Entries taken from a collection
◇ ◇ ◇ ◇ ◇

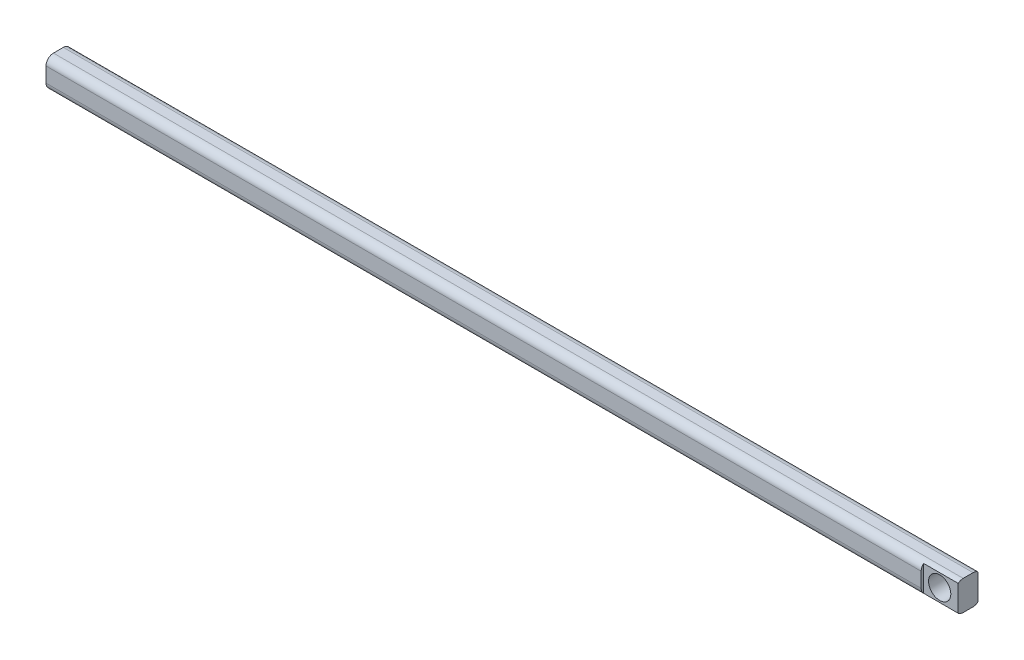
ISO-10303-21;
HEADER;
FILE_DESCRIPTION(('STEP AP214'),'2;1');
FILE_NAME('part.step','',(''),(''),'','','');
FILE_SCHEMA(('AUTOMOTIVE_DESIGN { 1 0 10303 214 1 1 1 1 }'));
ENDSEC;
DATA;
#1=APPLICATION_CONTEXT('core data for automotive mechanical design processes');
#2=APPLICATION_PROTOCOL_DEFINITION('international standard','automotive_design',2000,#1);
#3=PRODUCT_CONTEXT('',#1,'mechanical');
#4=PRODUCT('Part','Part','',(#3));
#5=PRODUCT_RELATED_PRODUCT_CATEGORY('part','',(#4));
#6=PRODUCT_DEFINITION_FORMATION('','',#4);
#7=PRODUCT_DEFINITION_CONTEXT('part definition',#1,'design');
#8=PRODUCT_DEFINITION('design','',#6,#7);
#9=PRODUCT_DEFINITION_SHAPE('','',#8);
#10=(LENGTH_UNIT() NAMED_UNIT(*) SI_UNIT(.MILLI.,.METRE.));
#11=(NAMED_UNIT(*) PLANE_ANGLE_UNIT() SI_UNIT($,.RADIAN.));
#12=(NAMED_UNIT(*) SI_UNIT($,.STERADIAN.) SOLID_ANGLE_UNIT());
#13=UNCERTAINTY_MEASURE_WITH_UNIT(LENGTH_MEASURE(1.E-05),#10,'distance_accuracy_value','');
#14=(GEOMETRIC_REPRESENTATION_CONTEXT(3) GLOBAL_UNCERTAINTY_ASSIGNED_CONTEXT((#13)) GLOBAL_UNIT_ASSIGNED_CONTEXT((#10,
#11,#12)) REPRESENTATION_CONTEXT('',''));
#15=CARTESIAN_POINT('',(0.,0.,0.));
#16=DIRECTION('',(0.,0.,1.));
#17=DIRECTION('',(1.,0.,0.));
#18=AXIS2_PLACEMENT_3D('',#15,#16,#17);
#19=CARTESIAN_POINT('',(0.,0.,12.5));
#20=DIRECTION('',(0.,0.,-1.));
#21=DIRECTION('',(-1.,0.,0.));
#22=AXIS2_PLACEMENT_3D('',#19,#20,#21);
#23=PLANE('',#22);
#24=DIRECTION('',(-1.,0.,0.));
#25=VECTOR('',#24,1.);
#26=CARTESIAN_POINT('',(0.,2.99999999999999,12.5));
#27=LINE('',#26,#25);
#28=CARTESIAN_POINT('',(57.75,2.99999999999999,12.5));
#29=VERTEX_POINT('',#28);
#30=CARTESIAN_POINT('',(-296.25,2.99999999999993,12.5));
#31=VERTEX_POINT('',#30);
#32=EDGE_CURVE('E143',#29,#31,#27,.T.);
#33=ORIENTED_EDGE('',*,*,#32,.T.);
#34=DIRECTION('',(0.,1.,0.));
#35=VECTOR('',#34,1.);
#36=CARTESIAN_POINT('',(-296.25,-3.00000000000007,12.5));
#37=LINE('',#36,#35);
#38=CARTESIAN_POINT('',(-296.25,-3.00000000000007,12.5));
#39=VERTEX_POINT('',#38);
#40=EDGE_CURVE('E146',#39,#31,#37,.T.);
#41=ORIENTED_EDGE('',*,*,#40,.F.);
#42=DIRECTION('',(1.,0.,0.));
#43=VECTOR('',#42,1.);
#44=CARTESIAN_POINT('',(0.,-3.00000000000001,12.5));
#45=LINE('',#44,#43);
#46=CARTESIAN_POINT('',(57.75,-3.,12.5));
#47=VERTEX_POINT('',#46);
#48=EDGE_CURVE('E131',#39,#47,#45,.T.);
#49=ORIENTED_EDGE('',*,*,#48,.T.);
#50=DIRECTION('',(0.,-1.,0.));
#51=VECTOR('',#50,1.);
#52=CARTESIAN_POINT('',(57.75,5.99999999999999,12.5));
#53=LINE('',#52,#51);
#54=EDGE_CURVE('E174',#29,#47,#53,.T.);
#55=ORIENTED_EDGE('',*,*,#54,.F.);
#56=EDGE_LOOP('',(#33,#41,#49,#55));
#57=FACE_BOUND('',#56,.T.);
#58=ADVANCED_FACE('F42',(#57),#23,.F.);
#59=CARTESIAN_POINT('',(0.,0.,2.5));
#60=DIRECTION('',(0.,0.,-1.));
#61=DIRECTION('',(-1.,0.,0.));
#62=AXIS2_PLACEMENT_3D('',#59,#60,#61);
#63=PLANE('',#62);
#64=DIRECTION('',(0.,1.,0.));
#65=VECTOR('',#64,1.);
#66=CARTESIAN_POINT('',(57.75,-6.,2.5));
#67=LINE('',#66,#65);
#68=CARTESIAN_POINT('',(57.75,-3.,2.5));
#69=VERTEX_POINT('',#68);
#70=CARTESIAN_POINT('',(57.75,2.99999999999999,2.5));
#71=VERTEX_POINT('',#70);
#72=EDGE_CURVE('E183',#69,#71,#67,.T.);
#73=ORIENTED_EDGE('',*,*,#72,.F.);
#74=DIRECTION('',(1.,0.,0.));
#75=VECTOR('',#74,1.);
#76=CARTESIAN_POINT('',(53.75,-3.00000000000001,2.5));
#77=LINE('',#76,#75);
#78=CARTESIAN_POINT('',(-296.25,-3.00000000000007,2.5));
#79=VERTEX_POINT('',#78);
#80=EDGE_CURVE('E228',#69,#79,#77,.F.);
#81=ORIENTED_EDGE('',*,*,#80,.T.);
#82=DIRECTION('',(0.,-1.,0.));
#83=VECTOR('',#82,1.);
#84=CARTESIAN_POINT('',(-296.25,2.99999999999993,2.5));
#85=LINE('',#84,#83);
#86=CARTESIAN_POINT('',(-296.25,2.99999999999993,2.5));
#87=VERTEX_POINT('',#86);
#88=EDGE_CURVE('E167',#87,#79,#85,.T.);
#89=ORIENTED_EDGE('',*,*,#88,.F.);
#90=DIRECTION('',(-1.,0.,0.));
#91=VECTOR('',#90,1.);
#92=CARTESIAN_POINT('',(57.75,2.99999999999999,2.5));
#93=LINE('',#92,#91);
#94=EDGE_CURVE('E57',#87,#71,#93,.F.);
#95=ORIENTED_EDGE('',*,*,#94,.T.);
#96=EDGE_LOOP('',(#73,#81,#89,#95));
#97=FACE_BOUND('',#96,.T.);
#98=ADVANCED_FACE('F262',(#97),#63,.T.);
#99=CARTESIAN_POINT('',(71.75,-6.,12.5));
#100=DIRECTION('',(0.,1.,0.));
#101=DIRECTION('',(-1.,0.,0.));
#102=AXIS2_PLACEMENT_3D('',#99,#100,#101);
#103=PLANE('',#102);
#104=DIRECTION('',(0.,0.,-1.));
#105=VECTOR('',#104,1.);
#106=CARTESIAN_POINT('',(71.75,-6.,12.5));
#107=LINE('',#106,#105);
#108=CARTESIAN_POINT('',(71.75,-6.,9.5));
#109=VERTEX_POINT('',#108);
#110=CARTESIAN_POINT('',(71.75,-6.,5.5));
#111=VERTEX_POINT('',#110);
#112=EDGE_CURVE('E192',#109,#111,#107,.T.);
#113=ORIENTED_EDGE('',*,*,#112,.F.);
#114=DIRECTION('',(1.,0.,0.));
#115=VECTOR('',#114,1.);
#116=CARTESIAN_POINT('',(71.75,-6.,9.5));
#117=LINE('',#116,#115);
#118=CARTESIAN_POINT('',(-296.25,-6.00000000000007,9.5));
#119=VERTEX_POINT('',#118);
#120=EDGE_CURVE('E218',#109,#119,#117,.F.);
#121=ORIENTED_EDGE('',*,*,#120,.T.);
#122=DIRECTION('',(0.,0.,1.));
#123=VECTOR('',#122,1.);
#124=CARTESIAN_POINT('',(-296.25,-6.00000000000007,5.5));
#125=LINE('',#124,#123);
#126=CARTESIAN_POINT('',(-296.25,-6.00000000000007,5.5));
#127=VERTEX_POINT('',#126);
#128=EDGE_CURVE('E157',#127,#119,#125,.T.);
#129=ORIENTED_EDGE('',*,*,#128,.F.);
#130=DIRECTION('',(1.,0.,0.));
#131=VECTOR('',#130,1.);
#132=CARTESIAN_POINT('',(57.75,-6.00000000000001,5.5));
#133=LINE('',#132,#131);
#134=EDGE_CURVE('E215',#127,#111,#133,.T.);
#135=ORIENTED_EDGE('',*,*,#134,.T.);
#136=EDGE_LOOP('',(#113,#121,#129,#135));
#137=FACE_BOUND('',#136,.T.);
#138=ADVANCED_FACE('F265',(#137),#103,.F.);
#139=CARTESIAN_POINT('',(71.75,5.99999999999999,12.5));
#140=DIRECTION('',(-1.,0.,0.));
#141=DIRECTION('',(0.,0.,1.));
#142=AXIS2_PLACEMENT_3D('',#139,#140,#141);
#143=PLANE('',#142);
#144=DIRECTION('',(0.,1.,0.));
#145=VECTOR('',#144,1.);
#146=CARTESIAN_POINT('',(71.75,5.99999999999999,11.5));
#147=LINE('',#146,#145);
#148=CARTESIAN_POINT('',(71.75,-5.2360679774998,11.5));
#149=VERTEX_POINT('',#148);
#150=CARTESIAN_POINT('',(71.75,5.23606797749979,11.5));
#151=VERTEX_POINT('',#150);
#152=EDGE_CURVE('E177',#149,#151,#147,.T.);
#153=ORIENTED_EDGE('',*,*,#152,.F.);
#154=CARTESIAN_POINT('',(71.75,-3.,9.5));
#155=DIRECTION('',(-1.,0.,0.));
#156=DIRECTION('',(0.,0.,1.));
#157=AXIS2_PLACEMENT_3D('',#154,#155,#156);
#158=CIRCLE('',#157,3.);
#159=EDGE_CURVE('E213',#149,#109,#158,.F.);
#160=ORIENTED_EDGE('',*,*,#159,.T.);
#161=ORIENTED_EDGE('',*,*,#112,.T.);
#162=CARTESIAN_POINT('',(71.75,-3.,5.5));
#163=DIRECTION('',(-1.,0.,0.));
#164=DIRECTION('',(0.,0.,1.));
#165=AXIS2_PLACEMENT_3D('',#162,#163,#164);
#166=CIRCLE('',#165,3.);
#167=CARTESIAN_POINT('',(71.75,-5.23606797749979,3.5));
#168=VERTEX_POINT('',#167);
#169=EDGE_CURVE('E211',#111,#168,#166,.F.);
#170=ORIENTED_EDGE('',*,*,#169,.T.);
#171=DIRECTION('',(0.,-1.,0.));
#172=VECTOR('',#171,1.);
#173=CARTESIAN_POINT('',(71.75,5.99999999999999,3.5));
#174=LINE('',#173,#172);
#175=CARTESIAN_POINT('',(71.75,5.23606797749978,3.5));
#176=VERTEX_POINT('',#175);
#177=EDGE_CURVE('E173',#176,#168,#174,.T.);
#178=ORIENTED_EDGE('',*,*,#177,.F.);
#179=CARTESIAN_POINT('',(71.75,2.99999999999999,5.5));
#180=DIRECTION('',(-1.,0.,0.));
#181=DIRECTION('',(0.,0.,1.));
#182=AXIS2_PLACEMENT_3D('',#179,#180,#181);
#183=CIRCLE('',#182,3.);
#184=CARTESIAN_POINT('',(71.75,5.99999999999999,5.5));
#185=VERTEX_POINT('',#184);
#186=EDGE_CURVE('E209',#176,#185,#183,.F.);
#187=ORIENTED_EDGE('',*,*,#186,.T.);
#188=DIRECTION('',(0.,0.,-1.));
#189=VECTOR('',#188,1.);
#190=CARTESIAN_POINT('',(71.75,5.99999999999999,12.5));
#191=LINE('',#190,#189);
#192=CARTESIAN_POINT('',(71.75,5.99999999999999,9.5));
#193=VERTEX_POINT('',#192);
#194=EDGE_CURVE('E189',#193,#185,#191,.T.);
#195=ORIENTED_EDGE('',*,*,#194,.F.);
#196=CARTESIAN_POINT('',(71.75,2.99999999999999,9.5));
#197=DIRECTION('',(-1.,0.,0.));
#198=DIRECTION('',(0.,0.,1.));
#199=AXIS2_PLACEMENT_3D('',#196,#197,#198);
#200=CIRCLE('',#199,3.);
#201=EDGE_CURVE('E207',#193,#151,#200,.F.);
#202=ORIENTED_EDGE('',*,*,#201,.T.);
#203=EDGE_LOOP('',(#153,#160,#161,#170,#178,#187,#195,#202));
#204=FACE_BOUND('',#203,.T.);
#205=ADVANCED_FACE('F238',(#204),#143,.F.);
#206=CARTESIAN_POINT('',(53.75,5.99999999999999,12.5));
#207=DIRECTION('',(0.,-1.,0.));
#208=DIRECTION('',(0.,0.,-1.));
#209=AXIS2_PLACEMENT_3D('',#206,#207,#208);
#210=PLANE('',#209);
#211=ORIENTED_EDGE('',*,*,#194,.T.);
#212=DIRECTION('',(-1.,0.,0.));
#213=VECTOR('',#212,1.);
#214=CARTESIAN_POINT('',(53.75,5.99999999999999,5.5));
#215=LINE('',#214,#213);
#216=CARTESIAN_POINT('',(-296.25,5.99999999999993,5.5));
#217=VERTEX_POINT('',#216);
#218=EDGE_CURVE('E12',#185,#217,#215,.T.);
#219=ORIENTED_EDGE('',*,*,#218,.T.);
#220=DIRECTION('',(0.,0.,-1.));
#221=VECTOR('',#220,1.);
#222=CARTESIAN_POINT('',(-296.25,5.99999999999993,9.5));
#223=LINE('',#222,#221);
#224=CARTESIAN_POINT('',(-296.25,5.99999999999993,9.5));
#225=VERTEX_POINT('',#224);
#226=EDGE_CURVE('E161',#225,#217,#223,.T.);
#227=ORIENTED_EDGE('',*,*,#226,.F.);
#228=DIRECTION('',(-1.,0.,0.));
#229=VECTOR('',#228,1.);
#230=CARTESIAN_POINT('',(53.75,5.99999999999999,9.5));
#231=LINE('',#230,#229);
#232=EDGE_CURVE('E50',#225,#193,#231,.F.);
#233=ORIENTED_EDGE('',*,*,#232,.T.);
#234=EDGE_LOOP('',(#211,#219,#227,#233));
#235=FACE_BOUND('',#234,.T.);
#236=ADVANCED_FACE('F232',(#235),#210,.F.);
#237=CARTESIAN_POINT('',(57.75,5.99999999999999,3.5));
#238=DIRECTION('',(0.,0.,1.));
#239=DIRECTION('',(0.,-1.,0.));
#240=AXIS2_PLACEMENT_3D('',#237,#238,#239);
#241=PLANE('',#240);
#242=CARTESIAN_POINT('',(64.25,0.,3.5));
#243=DIRECTION('',(0.,0.,1.));
#244=DIRECTION('',(0.,-1.,0.));
#245=AXIS2_PLACEMENT_3D('',#242,#243,#244);
#246=CIRCLE('',#245,4.5);
#247=CARTESIAN_POINT('',(64.25,-4.5,3.5));
#248=VERTEX_POINT('',#247);
#249=EDGE_CURVE('E180',#248,#248,#246,.T.);
#250=ORIENTED_EDGE('',*,*,#249,.T.);
#251=EDGE_LOOP('',(#250));
#252=FACE_BOUND('',#251,.T.);
#253=ORIENTED_EDGE('',*,*,#177,.T.);
#254=DIRECTION('',(-1.,0.,0.));
#255=VECTOR('',#254,1.);
#256=CARTESIAN_POINT('',(71.75,-5.23606797749979,3.5));
#257=LINE('',#256,#255);
#258=CARTESIAN_POINT('',(57.75,-5.23606797749979,3.5));
#259=VERTEX_POINT('',#258);
#260=EDGE_CURVE('E222',#168,#259,#257,.T.);
#261=ORIENTED_EDGE('',*,*,#260,.T.);
#262=DIRECTION('',(0.,-1.,0.));
#263=VECTOR('',#262,1.);
#264=CARTESIAN_POINT('',(57.75,5.99999999999999,3.5));
#265=LINE('',#264,#263);
#266=CARTESIAN_POINT('',(57.75,5.23606797749978,3.5));
#267=VERTEX_POINT('',#266);
#268=EDGE_CURVE('E184',#267,#259,#265,.T.);
#269=ORIENTED_EDGE('',*,*,#268,.F.);
#270=DIRECTION('',(1.,0.,0.));
#271=VECTOR('',#270,1.);
#272=CARTESIAN_POINT('',(57.75,5.23606797749978,3.5));
#273=LINE('',#272,#271);
#274=EDGE_CURVE('E220',#267,#176,#273,.T.);
#275=ORIENTED_EDGE('',*,*,#274,.T.);
#276=EDGE_LOOP('',(#253,#261,#269,#275));
#277=FACE_BOUND('',#276,.T.);
#278=ADVANCED_FACE('F256',(#252,#277),#241,.F.);
#279=CARTESIAN_POINT('',(57.75,0.,0.));
#280=DIRECTION('',(1.,0.,0.));
#281=DIRECTION('',(0.,0.,-1.));
#282=AXIS2_PLACEMENT_3D('',#279,#280,#281);
#283=PLANE('',#282);
#284=ORIENTED_EDGE('',*,*,#268,.T.);
#285=CARTESIAN_POINT('',(57.75,-3.,5.5));
#286=DIRECTION('',(1.,0.,0.));
#287=DIRECTION('',(0.,0.,-1.));
#288=AXIS2_PLACEMENT_3D('',#285,#286,#287);
#289=CIRCLE('',#288,3.);
#290=EDGE_CURVE('E64',#259,#69,#289,.T.);
#291=ORIENTED_EDGE('',*,*,#290,.T.);
#292=ORIENTED_EDGE('',*,*,#72,.T.);
#293=CARTESIAN_POINT('',(57.75,2.99999999999999,5.5));
#294=DIRECTION('',(1.,0.,0.));
#295=DIRECTION('',(0.,0.,-1.));
#296=AXIS2_PLACEMENT_3D('',#293,#294,#295);
#297=CIRCLE('',#296,3.);
#298=EDGE_CURVE('E224',#71,#267,#297,.T.);
#299=ORIENTED_EDGE('',*,*,#298,.T.);
#300=EDGE_LOOP('',(#284,#291,#292,#299));
#301=FACE_BOUND('',#300,.T.);
#302=ADVANCED_FACE('F254',(#301),#283,.T.);
#303=CARTESIAN_POINT('',(57.75,5.99999999999999,11.5));
#304=DIRECTION('',(0.,0.,-1.));
#305=DIRECTION('',(0.,1.,0.));
#306=AXIS2_PLACEMENT_3D('',#303,#304,#305);
#307=PLANE('',#306);
#308=CARTESIAN_POINT('',(64.25,0.,11.5));
#309=DIRECTION('',(0.,0.,-1.));
#310=DIRECTION('',(0.,1.,0.));
#311=AXIS2_PLACEMENT_3D('',#308,#309,#310);
#312=CIRCLE('',#311,4.5);
#313=CARTESIAN_POINT('',(64.25,4.5,11.5));
#314=VERTEX_POINT('',#313);
#315=EDGE_CURVE('E193',#314,#314,#312,.T.);
#316=ORIENTED_EDGE('',*,*,#315,.T.);
#317=EDGE_LOOP('',(#316));
#318=FACE_BOUND('',#317,.T.);
#319=DIRECTION('',(0.,1.,0.));
#320=VECTOR('',#319,1.);
#321=CARTESIAN_POINT('',(57.75,5.99999999999999,11.5));
#322=LINE('',#321,#320);
#323=CARTESIAN_POINT('',(57.75,-5.2360679774998,11.5));
#324=VERTEX_POINT('',#323);
#325=CARTESIAN_POINT('',(57.75,5.23606797749979,11.5));
#326=VERTEX_POINT('',#325);
#327=EDGE_CURVE('E176',#324,#326,#322,.T.);
#328=ORIENTED_EDGE('',*,*,#327,.F.);
#329=DIRECTION('',(1.,0.,0.));
#330=VECTOR('',#329,1.);
#331=CARTESIAN_POINT('',(57.75,-5.2360679774998,11.5));
#332=LINE('',#331,#330);
#333=EDGE_CURVE('E205',#324,#149,#332,.T.);
#334=ORIENTED_EDGE('',*,*,#333,.T.);
#335=ORIENTED_EDGE('',*,*,#152,.T.);
#336=DIRECTION('',(-1.,0.,0.));
#337=VECTOR('',#336,1.);
#338=CARTESIAN_POINT('',(71.75,5.23606797749979,11.5));
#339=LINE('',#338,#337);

◇ ◇ ◇ ◇ ◇

Retype only the stretch of lines above starting at the one with "#207=DIRECTION('',(0.,-1.,0.));" and stopping at the one with "#246=CIRCLE('',#245,4.5);", exactly as written, with both kept.

- **EXERCISE SOLUTION**:
#207=DIRECTION('',(0.,-1.,0.));
#208=DIRECTION('',(0.,0.,-1.));
#209=AXIS2_PLACEMENT_3D('',#206,#207,#208);
#210=PLANE('',#209);
#211=ORIENTED_EDGE('',*,*,#194,.T.);
#212=DIRECTION('',(-1.,0.,0.));
#213=VECTOR('',#212,1.);
#214=CARTESIAN_POINT('',(53.75,5.99999999999999,5.5));
#215=LINE('',#214,#213);
#216=CARTESIAN_POINT('',(-296.25,5.99999999999993,5.5));
#217=VERTEX_POINT('',#216);
#218=EDGE_CURVE('E12',#185,#217,#215,.T.);
#219=ORIENTED_EDGE('',*,*,#218,.T.);
#220=DIRECTION('',(0.,0.,-1.));
#221=VECTOR('',#220,1.);
#222=CARTESIAN_POINT('',(-296.25,5.99999999999993,9.5));
#223=LINE('',#222,#221);
#224=CARTESIAN_POINT('',(-296.25,5.99999999999993,9.5));
#225=VERTEX_POINT('',#224);
#226=EDGE_CURVE('E161',#225,#217,#223,.T.);
#227=ORIENTED_EDGE('',*,*,#226,.F.);
#228=DIRECTION('',(-1.,0.,0.));
#229=VECTOR('',#228,1.);
#230=CARTESIAN_POINT('',(53.75,5.99999999999999,9.5));
#231=LINE('',#230,#229);
#232=EDGE_CURVE('E50',#225,#193,#231,.F.);
#233=ORIENTED_EDGE('',*,*,#232,.T.);
#234=EDGE_LOOP('',(#211,#219,#227,#233));
#235=FACE_BOUND('',#234,.T.);
#236=ADVANCED_FACE('F232',(#235),#210,.F.);
#237=CARTESIAN_POINT('',(57.75,5.99999999999999,3.5));
#238=DIRECTION('',(0.,0.,1.));
#239=DIRECTION('',(0.,-1.,0.));
#240=AXIS2_PLACEMENT_3D('',#237,#238,#239);
#241=PLANE('',#240);
#242=CARTESIAN_POINT('',(64.25,0.,3.5));
#243=DIRECTION('',(0.,0.,1.));
#244=DIRECTION('',(0.,-1.,0.));
#245=AXIS2_PLACEMENT_3D('',#242,#243,#244);
#246=CIRCLE('',#245,4.5);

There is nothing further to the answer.